Economists used to be arrogant. Now they’re absolutely perfect.
Diane Coyle at the Enlightened Economist blog has an interesting post about James Scott’s book Seeing Like a State: How Certain Schemes to Improve the Human Condition Have Failed. I haven’t read the book but will add it to my reading list. It’s about the consequences of several 20th-century authoritarian schemes such as Tanzanian viligisation, China’s Great Leap Forward and Le Corbusier’s urban planning in Brasilia. Coyle describes Scott’s main rules of thumb as to:
1. Take small steps – and stand back and observe in between each.
2. Favour reversibility. “Irreversible interventions have irreversible consequences.”
3. Expect surprises.
4. Plan on human inventiveness. “What is perhaps most striking about all the high modernist schemes is how little confidence they repose in the skills, intelligence and experience of ordinary people.” The less is ‘left to chance’, the less room for local experience and knowledge.
Coyle sees the conclusions for social science as to: “be far, far humbler about what we know than is typical. A lot of economic analysis suffers from the same high modernist blinkers as the disastrous social engineering described in the book.”
She’s right. And the parallels with my own book are striking (which uses social theory to inform development economics and isn’t about politics or the “human condition”, although I probably should have read Scott’s book). I reference some of the post-modernist literature which criticises modernists for amongst other things their arrogance, unwarranted certainty, universalism and top-down approach. My main target is the Washington Consensus, which dominated development policy from the 1980s well into the 2000s.
My own four-point taxonomy involves:
- An examination of the influence of values and norms. “Partly, the idea of being reflexive simply means having an open mind and looking at your own project… Being socially reflexive at an institutional level would require that the agents of a development process ask to what extent ‘grand theory’ is useful, distinguishing between objective advice and what is simply a reflection of interests or a projection of a different worldview.”
- An implicit assessment of the extent to which local context is important. Context matters because people in different societies behave in different ways; values vary; and institutions are different.

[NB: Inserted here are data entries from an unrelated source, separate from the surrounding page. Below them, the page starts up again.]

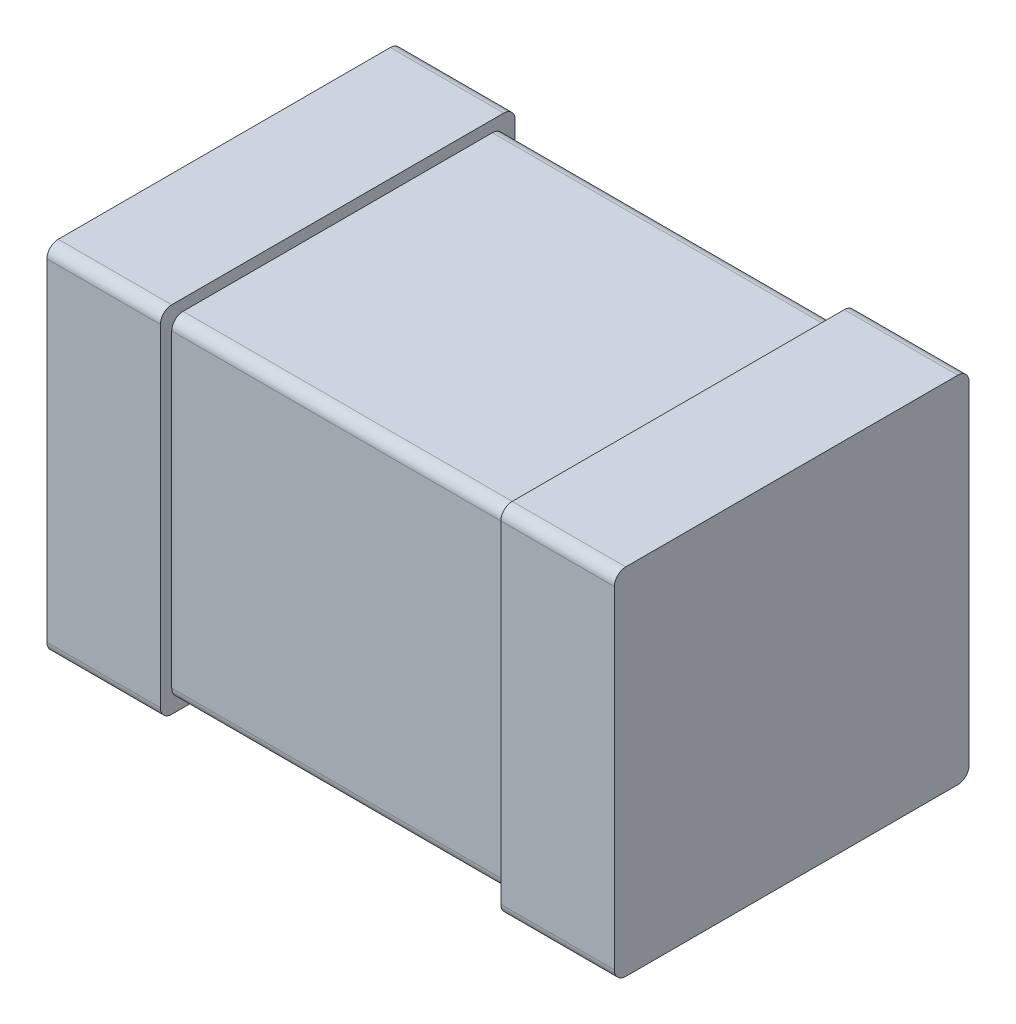
ISO-10303-21;
HEADER;
FILE_DESCRIPTION(('STEP AP214'),'2;1');
FILE_NAME('part.step','',(''),(''),'','','');
FILE_SCHEMA(('AUTOMOTIVE_DESIGN { 1 0 10303 214 1 1 1 1 }'));
ENDSEC;
DATA;
#1=APPLICATION_CONTEXT('core data for automotive mechanical design processes');
#2=APPLICATION_PROTOCOL_DEFINITION('international standard','automotive_design',2000,#1);
#3=PRODUCT_CONTEXT('',#1,'mechanical');
#4=PRODUCT('Part','Part','',(#3));
#5=PRODUCT_RELATED_PRODUCT_CATEGORY('part','',(#4));
#6=PRODUCT_DEFINITION_FORMATION('','',#4);
#7=PRODUCT_DEFINITION_CONTEXT('part definition',#1,'design');
#8=PRODUCT_DEFINITION('design','',#6,#7);
#9=PRODUCT_DEFINITION_SHAPE('','',#8);
#10=(LENGTH_UNIT() NAMED_UNIT(*) SI_UNIT(.MILLI.,.METRE.));
#11=(NAMED_UNIT(*) PLANE_ANGLE_UNIT() SI_UNIT($,.RADIAN.));
#12=(NAMED_UNIT(*) SI_UNIT($,.STERADIAN.) SOLID_ANGLE_UNIT());
#13=UNCERTAINTY_MEASURE_WITH_UNIT(LENGTH_MEASURE(1.E-05),#10,'distance_accuracy_value','');
#14=(GEOMETRIC_REPRESENTATION_CONTEXT(3) GLOBAL_UNCERTAINTY_ASSIGNED_CONTEXT((#13)) GLOBAL_UNIT_ASSIGNED_CONTEXT((#10,
#11,#12)) REPRESENTATION_CONTEXT('',''));
#15=CARTESIAN_POINT('',(0.,0.,0.));
#16=DIRECTION('',(0.,0.,1.));
#17=DIRECTION('',(1.,0.,0.));
#18=AXIS2_PLACEMENT_3D('',#15,#16,#17);
#19=CARTESIAN_POINT('',(1.,-0.625,0.));
#20=DIRECTION('',(1.,0.,0.));
#21=DIRECTION('',(0.,1.,0.));
#22=AXIS2_PLACEMENT_3D('',#19,#20,#21);
#23=PLANE('',#22);
#24=DIRECTION('',(0.,0.,1.));
#25=VECTOR('',#24,1.);
#26=CARTESIAN_POINT('',(1.,-0.625,0.));
#27=LINE('',#26,#25);
#28=CARTESIAN_POINT('',(1.,-0.625,0.04));
#29=VERTEX_POINT('',#28);
#30=CARTESIAN_POINT('',(1.,-0.625,1.21));
#31=VERTEX_POINT('',#30);
#32=EDGE_CURVE('E333',#29,#31,#27,.T.);
#33=ORIENTED_EDGE('',*,*,#32,.F.);
#34=CARTESIAN_POINT('',(1.,-0.585,0.04));
#35=DIRECTION('',(1.,0.,0.));
#36=DIRECTION('',(0.,0.,1.));
#37=AXIS2_PLACEMENT_3D('',#34,#35,#36);
#38=CIRCLE('',#37,0.04);
#39=CARTESIAN_POINT('',(1.,-0.585,0.));
#40=VERTEX_POINT('',#39);
#41=EDGE_CURVE('E315',#29,#40,#38,.T.);
#42=ORIENTED_EDGE('',*,*,#41,.T.);
#43=DIRECTION('',(0.,1.,0.));
#44=VECTOR('',#43,1.);
#45=CARTESIAN_POINT('',(1.,-0.625,0.));
#46=LINE('',#45,#44);
#47=CARTESIAN_POINT('',(1.,0.585,0.));
#48=VERTEX_POINT('',#47);
#49=EDGE_CURVE('E302',#40,#48,#46,.T.);
#50=ORIENTED_EDGE('',*,*,#49,.T.);
#51=CARTESIAN_POINT('',(1.,0.585,0.04));
#52=DIRECTION('',(-1.,0.,0.));
#53=DIRECTION('',(0.,0.,1.));
#54=AXIS2_PLACEMENT_3D('',#51,#52,#53);
#55=CIRCLE('',#54,0.04);
#56=CARTESIAN_POINT('',(1.,0.625,0.04));
#57=VERTEX_POINT('',#56);
#58=EDGE_CURVE('E207',#57,#48,#55,.T.);
#59=ORIENTED_EDGE('',*,*,#58,.F.);
#60=DIRECTION('',(0.,0.,1.));
#61=VECTOR('',#60,1.);
#62=CARTESIAN_POINT('',(1.,0.625,0.));
#63=LINE('',#62,#61);
#64=CARTESIAN_POINT('',(1.,0.625,1.21));
#65=VERTEX_POINT('',#64);
#66=EDGE_CURVE('E11',#57,#65,#63,.T.);
#67=ORIENTED_EDGE('',*,*,#66,.T.);
#68=CARTESIAN_POINT('',(1.,0.585,1.21));
#69=DIRECTION('',(1.,0.,0.));
#70=DIRECTION('',(0.,0.,1.));
#71=AXIS2_PLACEMENT_3D('',#68,#69,#70);
#72=CIRCLE('',#71,0.04);
#73=CARTESIAN_POINT('',(1.,0.585,1.25));
#74=VERTEX_POINT('',#73);
#75=EDGE_CURVE('E197',#65,#74,#72,.T.);
#76=ORIENTED_EDGE('',*,*,#75,.T.);
#77=DIRECTION('',(0.,1.,0.));
#78=VECTOR('',#77,1.);
#79=CARTESIAN_POINT('',(1.,-0.625,1.25));
#80=LINE('',#79,#78);
#81=CARTESIAN_POINT('',(1.,-0.585,1.25));
#82=VERTEX_POINT('',#81);
#83=EDGE_CURVE('E305',#82,#74,#80,.T.);
#84=ORIENTED_EDGE('',*,*,#83,.F.);
#85=CARTESIAN_POINT('',(1.,-0.585,1.21));
#86=DIRECTION('',(-1.,0.,0.));
#87=DIRECTION('',(0.,0.,1.));
#88=AXIS2_PLACEMENT_3D('',#85,#86,#87);
#89=CIRCLE('',#88,0.04);
#90=EDGE_CURVE('E311',#31,#82,#89,.T.);
#91=ORIENTED_EDGE('',*,*,#90,.F.);
#92=EDGE_LOOP('',(#33,#42,#50,#59,#67,#76,#84,#91));
#93=FACE_BOUND('',#92,.T.);
#94=ADVANCED_FACE('F16',(#93),#23,.T.);
#95=CARTESIAN_POINT('',(0.6,0.625,0.));
#96=DIRECTION('',(0.,1.,0.));
#97=DIRECTION('',(1.,0.,0.));
#98=AXIS2_PLACEMENT_3D('',#95,#96,#97);
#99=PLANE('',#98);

- A recognition that economic tools, concepts and policies can undermine themselves, even though they were designed for greater control. Economic systems are open-ended and events are often completely incapable of prediction, even as a stochastic process, a perspective implied by the Keynesian methodological approach.
- An allowance for theory to be revised if it proves inadequate or as circumstances change. Economists should be open to fallibility and to the possibility that theory may be proven wrong by events (again, this is pretty much Keynesian). Mainstream economists rarely revise theory in a fundamental way.
I also argue strongly for the use of the skills, intelligence and experience of ordinary people. Local experience and knowledge is in my view critical for successful development policy.
Scott’s book is clearly anti-state, and leftists should take note. The government can’t solve all of our problems. The best-intentioned schemes backfire; taxes aren’t socialist; debt isn’t good. It should be remembered that a strong strand of leftist thinking places emphasis on human agency: the ability of people to shape the world, to think and act for themselves. Parts of the left have always been suspicious of state power, the state, it is argued, having become synonymous with corporate control (banks and multinationals now run government). A lot of leftists argue for the devolution of power on democratic grounds so that people can better control the environment in which they live. The left wing of the Scottish National Party is among its loudest. The Scottish Socialist Party campaigns hard for independence.
But it would be wrong to argue that only statists wear high modernist blinkers (not that I know whether Coyle or Scott think this). Thatcherism was modernist. It reduced individuals to atoms in a mechanical system which left little room for agency. If there’s no such thing as society then social behaviour can’t produce unpredictable consequences. The zeal for competition and deregulation of the 1980s and 1990s was as arrogant, teleological and, ultimately counterproductive as any leftist modernism. I’m not sure that water and council-house privatisation, the poll tax and the destruction of the unions were all that far from social engineering.
Neoclassical economics, which tends to be methodologically individualist, underpins much neoliberal thinking. It has been criticised for having a mechanistic approach; for imagining that its policy solutions apply everywhere; for believing that people are motivated solely by material ends; and for failing to show introspection. Neoclassical development economists, I would argue, often fail to root their analysis in the actual lived conditions of real people and should use genuine empirical techniques rather than crunch numbers in Western universities.
So both political poles have tended to resort to modernism. Economics, as Coyle points out, should be much more humble (OK, I know it’s not very humble of me to hang an entire blog post on a book I haven’t read). As it happens I think it’s possible to go a lot further than humility, which is quite a vague term — one person’s doubtful is another’s cocky — and to build in to economics syllabuses and analysis methodological foundations that preclude the kind of over-confidence we’ve suffered over the past century or so. Ingredients would include at least inter-disciplinarity, pluralism, awareness of the history of economics and of economic history, care about the use of maths and stats, greater use of case-studies and self-reflexivity. But that’s for another blog post.